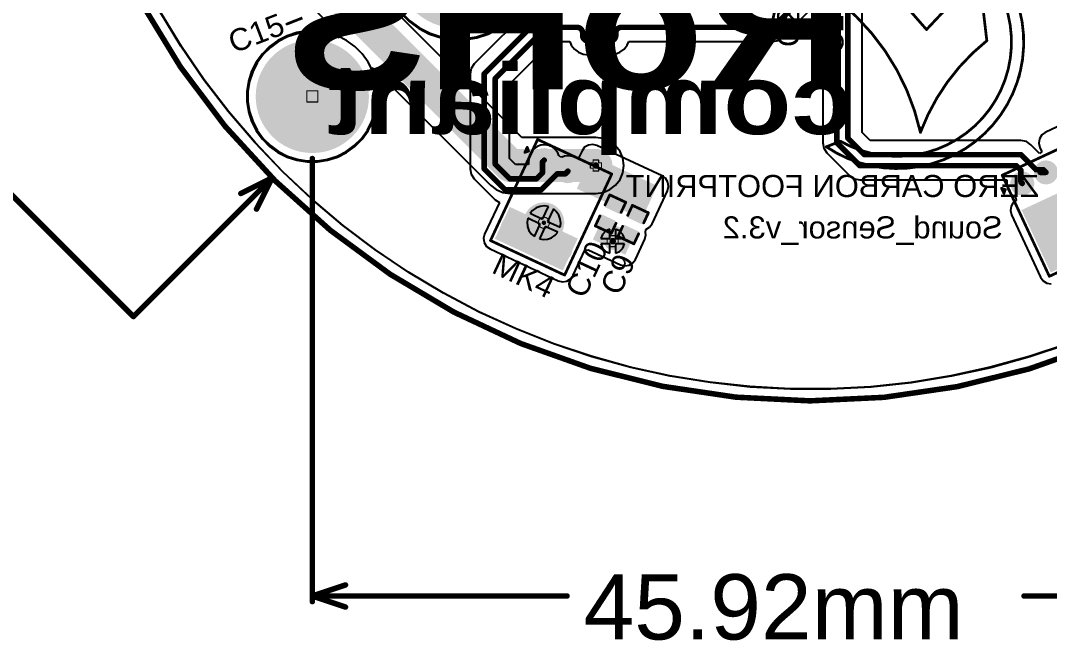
# Model space of a CAD drawing. Header units: inches. Extents: x -60 to 307, y -25 to 134.
# Drawn here: x -13.41 to 33.87, y -25 to 3.49 of the extents above; entities that cross this region are included whole.
import ezdxf

# ---------------------------------------------------------------- set-up
doc = ezdxf.new("R2010")
doc.units = ezdxf.units.IN
for name, color, linetype in [('BOARD OUTLINE', 216, 'Continuous'), ('Bottom Layer', 5, 'Continuous'), ('Bottom Overlay', 54, 'Continuous'), ('Bottom Solder', 6, 'Continuous'), ('DIMENSION', 6, 'Continuous'), ('Drill Drawing', 1, 'Continuous'), ('Multi-Layer', 9, 'Continuous'), ('Pad Holes', 156, 'Continuous'), ('Top Layer', 1, 'Continuous'), ('Top Overlay', 2, 'Continuous'), ('Top Paste', 8, 'Continuous'), ('Top Solder', 216, 'Continuous'), ('Via Holes', 16, 'Continuous')]:
    doc.layers.add(name, color=color, linetype=linetype)
doc.styles.add('Arial', font='', dxfattribs={"height": 0.2})
doc.styles.add('Arial Black_Bold', font='', dxfattribs={"height": 0.2})
doc.styles.get('Arial').set_extended_font_data('Arial')
doc.styles.get('Arial Black_Bold').set_extended_font_data('Arial Black', bold=True)

# ---------------------------------------------------------------- blocks, each defined once
blk = doc.blocks.new('SPM0687LR5H_1_24')
at = {"layer": 'Bottom Solder'}
h = blk.add_hatch(color=6, dxfattribs=at)
edge = h.paths.add_edge_path()
edge.add_arc((0, -0.913), 0.102, 0, 360)
at = {"layer": 'Pad Holes'}
h = blk.add_hatch(color=7, dxfattribs=at)
edge = h.paths.add_edge_path()
edge.add_arc((0, -0.913), 0.512, 0, 360)
at = {"layer": 'Top Layer'}
h = blk.add_hatch(color=1, dxfattribs=at)
edge = h.paths.add_edge_path()
edge.add_arc((-1.204, 1.703), 0.45, 0, 360)
h = blk.add_hatch(color=1, dxfattribs=at)
edge = h.paths.add_edge_path()
edge.add_arc((0, 1.703), 0.45, 0, 360)
h = blk.add_hatch(color=1, dxfattribs=at)
edge = h.paths.add_edge_path()
edge.add_arc((1.204, 1.703), 0.45, 0, 360)
h = blk.add_hatch(color=1, dxfattribs=at)
edge = h.paths.add_edge_path()
edge.add_arc((0, -0.913), 0.838, 0, 360)
h = blk.add_hatch(color=1, dxfattribs=at)
edge = h.paths.add_edge_path()
edge.add_arc((-1.204, -1.703), 0.45, 0, 360)
h = blk.add_hatch(color=1, dxfattribs=at)
edge = h.paths.add_edge_path()
edge.add_arc((1.204, -1.703), 0.45, 0, 360)
at = {"layer": 'Top Paste'}
h = blk.add_hatch(color=8, dxfattribs=at)
edge = h.paths.add_edge_path()
edge.add_arc((-1.204, 1.703), 0.45, 0, 360)
h = blk.add_hatch(color=8, dxfattribs=at)
edge = h.paths.add_edge_path()
edge.add_arc((0, 1.703), 0.45, 0, 360)
h = blk.add_hatch(color=8, dxfattribs=at)
edge = h.paths.add_edge_path()
edge.add_arc((1.204, 1.703), 0.45, 0, 360)
h = blk.add_hatch(color=8, dxfattribs=at)
edge = h.paths.add_edge_path()
edge.add_arc((-1.204, -1.703), 0.45, 0, 360)
h = blk.add_hatch(color=8, dxfattribs=at)
edge = h.paths.add_edge_path()
edge.add_arc((1.204, -1.703), 0.45, 0, 360)
at = {"layer": 'Top Solder'}
h = blk.add_hatch(color=216, dxfattribs=at)
edge = h.paths.add_edge_path()
edge.add_arc((-1.204, 1.703), 0.552, 0, 360)
h = blk.add_hatch(color=216, dxfattribs=at)
edge = h.paths.add_edge_path()
edge.add_arc((0, 1.703), 0.552, 0, 360)
h = blk.add_hatch(color=216, dxfattribs=at)
edge = h.paths.add_edge_path()
edge.add_arc((1.204, 1.703), 0.552, 0, 360)
h = blk.add_hatch(color=216, dxfattribs=at)
edge = h.paths.add_edge_path()
edge.add_arc((0, -0.913), 0.94, 0, 360)
h = blk.add_hatch(color=216, dxfattribs=at)
edge = h.paths.add_edge_path()
edge.add_arc((-1.204, -1.703), 0.552, 0, 360)
h = blk.add_hatch(color=216, dxfattribs=at)
edge = h.paths.add_edge_path()
edge.add_arc((1.204, -1.703), 0.552, 0, 360)
at = {"layer": 'Top Overlay', "const_width": 0.127}
for points in [[(-1.88, 2.436), (1.88, 2.436)], [(-1.88, 2.436), (-1.88, -2.69)], [(1.88, 2.436), (1.88, -2.69)], [(-2.159, 1.905), (-2.032, 1.778)], [(-2.159, 1.905), (-2.159, 1.651)], [(-2.159, 1.651), (-2.032, 1.778)], [(-1.88, -2.69), (1.88, -2.69)]]:
    blk.add_lwpolyline(points, dxfattribs=at)
at = {"layer": 'Top Overlay', "const_width": 0.0635}
for points in [[(-1.912, 2.436, 1), (-1.848, 2.436, 1)], [(-1.912, 2.436, 1), (-1.848, 2.436, 1)], [(1.848, 2.436, 1), (1.912, 2.436, 1)], [(1.848, 2.436, 1), (1.912, 2.436, 1)], [(-2.191, 1.905, 1), (-2.127, 1.905, 1)], [(-2.191, 1.905, 1), (-2.127, 1.905, 1)], [(-2.191, 1.651, 1), (-2.127, 1.651, 1)], [(-2.191, 1.651, 1), (-2.127, 1.651, 1)], [(-2.064, 1.778, 1), (-2, 1.778, 1)], [(-2.064, 1.778, 1), (-2, 1.778, 1)], [(-1.912, -2.69, 1), (-1.848, -2.69, 1)], [(-1.912, -2.69, 1), (-1.848, -2.69, 1)], [(1.848, -2.69, 1), (1.912, -2.69, 1)], [(1.848, -2.69, 1), (1.912, -2.69, 1)]]:
    blk.add_lwpolyline(points, format="xyb", close=True, dxfattribs=at)
blk = doc.blocks.new('SPM0687LR5H_1_25')
at = {"layer": 'Bottom Solder'}
h = blk.add_hatch(color=6, dxfattribs=at)
edge = h.paths.add_edge_path()
edge.add_arc((0, -0.913), 0.102, 0, 360)
at = {"layer": 'Pad Holes'}
h = blk.add_hatch(color=7, dxfattribs=at)
edge = h.paths.add_edge_path()
edge.add_arc((0, -0.913), 0.512, 0, 360)
at = {"layer": 'Top Layer'}
h = blk.add_hatch(color=1, dxfattribs=at)
edge = h.paths.add_edge_path()
edge.add_arc((-1.204, 1.703), 0.45, 0, 360)
h = blk.add_hatch(color=1, dxfattribs=at)
edge = h.paths.add_edge_path()
edge.add_arc((0, 1.703), 0.45, 0, 360)
h = blk.add_hatch(color=1, dxfattribs=at)
edge = h.paths.add_edge_path()
edge.add_arc((1.204, 1.703), 0.45, 0, 360)
h = blk.add_hatch(color=1, dxfattribs=at)
edge = h.paths.add_edge_path()
edge.add_arc((0, -0.913), 0.838, 0, 360)
h = blk.add_hatch(color=1, dxfattribs=at)
edge = h.paths.add_edge_path()
edge.add_arc((-1.204, -1.703), 0.45, 0, 360)
h = blk.add_hatch(color=1, dxfattribs=at)
edge = h.paths.add_edge_path()
edge.add_arc((1.204, -1.703), 0.45, 0, 360)
at = {"layer": 'Top Paste'}
h = blk.add_hatch(color=8, dxfattribs=at)
edge = h.paths.add_edge_path()
edge.add_arc((-1.204, 1.703), 0.45, 0, 360)
h = blk.add_hatch(color=8, dxfattribs=at)
edge = h.paths.add_edge_path()
edge.add_arc((0, 1.703), 0.45, 0, 360)
h = blk.add_hatch(color=8, dxfattribs=at)
edge = h.paths.add_edge_path()
edge.add_arc((1.204, 1.703), 0.45, 0, 360)
h = blk.add_hatch(color=8, dxfattribs=at)
edge = h.paths.add_edge_path()
edge.add_arc((-1.204, -1.703), 0.45, 0, 360)
h = blk.add_hatch(color=8, dxfattribs=at)
edge = h.paths.add_edge_path()
edge.add_arc((1.204, -1.703), 0.45, 0, 360)
at = {"layer": 'Top Solder'}
h = blk.add_hatch(color=216, dxfattribs=at)
edge = h.paths.add_edge_path()
edge.add_arc((-1.204, 1.703), 0.552, 0, 360)
h = blk.add_hatch(color=216, dxfattribs=at)
edge = h.paths.add_edge_path()
edge.add_arc((0, 1.703), 0.552, 0, 360)
h = blk.add_hatch(color=216, dxfattribs=at)
edge = h.paths.add_edge_path()
edge.add_arc((1.204, 1.703), 0.552, 0, 360)
h = blk.add_hatch(color=216, dxfattribs=at)
edge = h.paths.add_edge_path()
edge.add_arc((0, -0.913), 0.94, 0, 360)
h = blk.add_hatch(color=216, dxfattribs=at)
edge = h.paths.add_edge_path()
edge.add_arc((-1.204, -1.703), 0.552, 0, 360)
h = blk.add_hatch(color=216, dxfattribs=at)
edge = h.paths.add_edge_path()
edge.add_arc((1.204, -1.703), 0.552, 0, 360)
at = {"layer": 'Top Overlay', "const_width": 0.127}
for points in [[(-1.88, -2.69), (-1.88, 2.436)], [(-1.88, 2.436), (1.88, 2.436)], [(1.88, -2.69), (1.88, 2.436)], [(-2.159, 1.905), (-2.032, 1.778)], [(-2.159, 1.651), (-2.159, 1.905)], [(-2.159, 1.651), (-2.032, 1.778)], [(-1.88, -2.69), (1.88, -2.69)]]:
    blk.add_lwpolyline(points, dxfattribs=at)
at = {"layer": 'Top Overlay', "const_width": 0.0635}
for points in [[(-1.912, 2.436, 1), (-1.848, 2.436, 1)], [(-1.912, 2.436, 1), (-1.848, 2.436, 1)], [(1.848, 2.436, 1), (1.912, 2.436, 1)], [(1.848, 2.436, 1), (1.912, 2.436, 1)], [(-2.191, 1.905, 1), (-2.127, 1.905, 1)], [(-2.191, 1.905, 1), (-2.127, 1.905, 1)], [(-2.191, 1.651, 1), (-2.127, 1.651, 1)], [(-2.191, 1.651, 1), (-2.127, 1.651, 1)], [(-2.064, 1.778, 1), (-2, 1.778, 1)], [(-2.064, 1.778, 1), (-2, 1.778, 1)], [(-1.912, -2.69, 1), (-1.848, -2.69, 1)], [(-1.912, -2.69, 1), (-1.848, -2.69, 1)], [(1.848, -2.69, 1), (1.912, -2.69, 1)], [(1.848, -2.69, 1), (1.912, -2.69, 1)]]:
    blk.add_lwpolyline(points, format="xyb", close=True, dxfattribs=at)
blk = doc.blocks.new('C___0402_68')
at = {"layer": 'Top Layer'}
for points in [[(-0.699, -0.318), (-0.699, 0.318), (-0.241, 0.318), (-0.241, -0.318)], [(0.241, -0.318), (0.241, 0.318), (0.699, 0.318), (0.699, -0.318)]]:
    blk.add_hatch(color=1, dxfattribs=at).paths.add_polyline_path(points)
at = {"layer": 'Top Paste'}
for points in [[(-0.699, -0.318), (-0.699, 0.318), (-0.241, 0.318), (-0.241, -0.318)], [(0.241, -0.318), (0.241, 0.318), (0.699, 0.318), (0.699, -0.318)]]:
    blk.add_hatch(color=8, dxfattribs=at).paths.add_polyline_path(points)
at = {"layer": 'Top Solder'}
for points in [[(-0.758, -0.377), (-0.758, 0.377), (-0.181, 0.377), (-0.181, -0.377)], [(0.181, -0.377), (0.181, 0.377), (0.758, 0.377), (0.758, -0.377)]]:
    blk.add_hatch(color=216, dxfattribs=at).paths.add_polyline_path(points)
at = {"layer": 'Top Overlay', "const_width": 0.127}
for points in [[(-0.787, -0.406), (-0.787, 0.406)], [(-0.279, 0.406), (-0.787, 0.406)], [(0.787, 0.406), (0.279, 0.406)], [(0.787, -0.406), (0.787, 0.406)], [(-0.279, -0.406), (-0.787, -0.406)], [(0.787, -0.406), (0.279, -0.406)]]:
    blk.add_lwpolyline(points, dxfattribs=at)
at = {"layer": 'Top Overlay', "const_width": 0.0635}
for points in [[(-0.819, 0.406, 1), (-0.756, 0.406, 1)], [(-0.819, 0.406, 1), (-0.756, 0.406, 1)], [(-0.311, 0.406, 1), (-0.248, 0.406, 1)], [(0.248, 0.406, 1), (0.311, 0.406, 1)], [(0.756, 0.406, 1), (0.819, 0.406, 1)], [(0.756, 0.406, 1), (0.819, 0.406, 1)], [(-0.819, -0.406, 1), (-0.756, -0.406, 1)], [(-0.819, -0.406, 1), (-0.756, -0.406, 1)], [(-0.311, -0.406, 1), (-0.248, -0.406, 1)], [(0.248, -0.406, 1), (0.311, -0.406, 1)], [(0.756, -0.406, 1), (0.819, -0.406, 1)], [(0.756, -0.406, 1), (0.819, -0.406, 1)]]:
    blk.add_lwpolyline(points, format="xyb", close=True, dxfattribs=at)
blk = doc.blocks.new('C___0402_69')
at = {"layer": 'Top Layer'}
for points in [[(-0.699, -0.318), (-0.699, 0.318), (-0.241, 0.318), (-0.241, -0.318)], [(0.241, -0.318), (0.241, 0.318), (0.699, 0.318), (0.699, -0.318)]]:
    blk.add_hatch(color=1, dxfattribs=at).paths.add_polyline_path(points)
at = {"layer": 'Top Paste'}
for points in [[(-0.699, -0.318), (-0.699, 0.318), (-0.241, 0.318), (-0.241, -0.318)], [(0.241, -0.318), (0.241, 0.318), (0.699, 0.318), (0.699, -0.318)]]:
    blk.add_hatch(color=8, dxfattribs=at).paths.add_polyline_path(points)
at = {"layer": 'Top Solder'}
for points in [[(-0.758, -0.377), (-0.758, 0.377), (-0.181, 0.377), (-0.181, -0.377)], [(0.181, -0.377), (0.181, 0.377), (0.758, 0.377), (0.758, -0.377)]]:
    blk.add_hatch(color=216, dxfattribs=at).paths.add_polyline_path(points)
at = {"layer": 'Top Overlay', "const_width": 0.127}
for points in [[(-0.787, -0.406), (-0.787, 0.406)], [(-0.279, 0.406), (-0.787, 0.406)], [(0.787, 0.406), (0.279, 0.406)], [(0.787, -0.406), (0.787, 0.406)], [(-0.279, -0.406), (-0.787, -0.406)], [(0.787, -0.406), (0.279, -0.406)]]:
    blk.add_lwpolyline(points, dxfattribs=at)
at = {"layer": 'Top Overlay', "const_width": 0.0635}
for points in [[(-0.819, 0.406, 1), (-0.756, 0.406, 1)], [(-0.819, 0.406, 1), (-0.756, 0.406, 1)], [(-0.311, 0.406, 1), (-0.248, 0.406, 1)], [(0.248, 0.406, 1), (0.311, 0.406, 1)], [(0.756, 0.406, 1), (0.819, 0.406, 1)], [(0.756, 0.406, 1), (0.819, 0.406, 1)], [(-0.819, -0.406, 1), (-0.756, -0.406, 1)], [(-0.819, -0.406, 1), (-0.756, -0.406, 1)], [(-0.311, -0.406, 1), (-0.248, -0.406, 1)], [(0.248, -0.406, 1), (0.311, -0.406, 1)], [(0.756, -0.406, 1), (0.819, -0.406, 1)], [(0.756, -0.406, 1), (0.819, -0.406, 1)]]:
    blk.add_lwpolyline(points, format="xyb", close=True, dxfattribs=at)

msp = doc.modelspace()

# ---------------------------------------------------------------- hatches: boundary and pattern name
at = {"layer": 'Bottom Layer'}
h = msp.add_hatch(color=5, dxfattribs=at)
edge = h.paths.add_edge_path()
edge.add_arc((0, 0), 2.5, 0, 360)
h = msp.add_hatch(color=5, dxfattribs=at)
edge = h.paths.add_edge_path()
edge.add_arc((13.03, -3.175), 0.3, 0, 360)
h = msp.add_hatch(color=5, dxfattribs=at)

(Work item) Whenever a line includes the word "styles", pull it out of the entries.

(Output)
doc.styles.add('Arial', font='', dxfattribs={"height": 0.2})
doc.styles.add('Arial Black_Bold', font='', dxfattribs={"height": 0.2})
doc.styles.get('Arial').set_extended_font_data('Arial')
doc.styles.get('Arial Black_Bold').set_extended_font_data('Arial Black', bold=True)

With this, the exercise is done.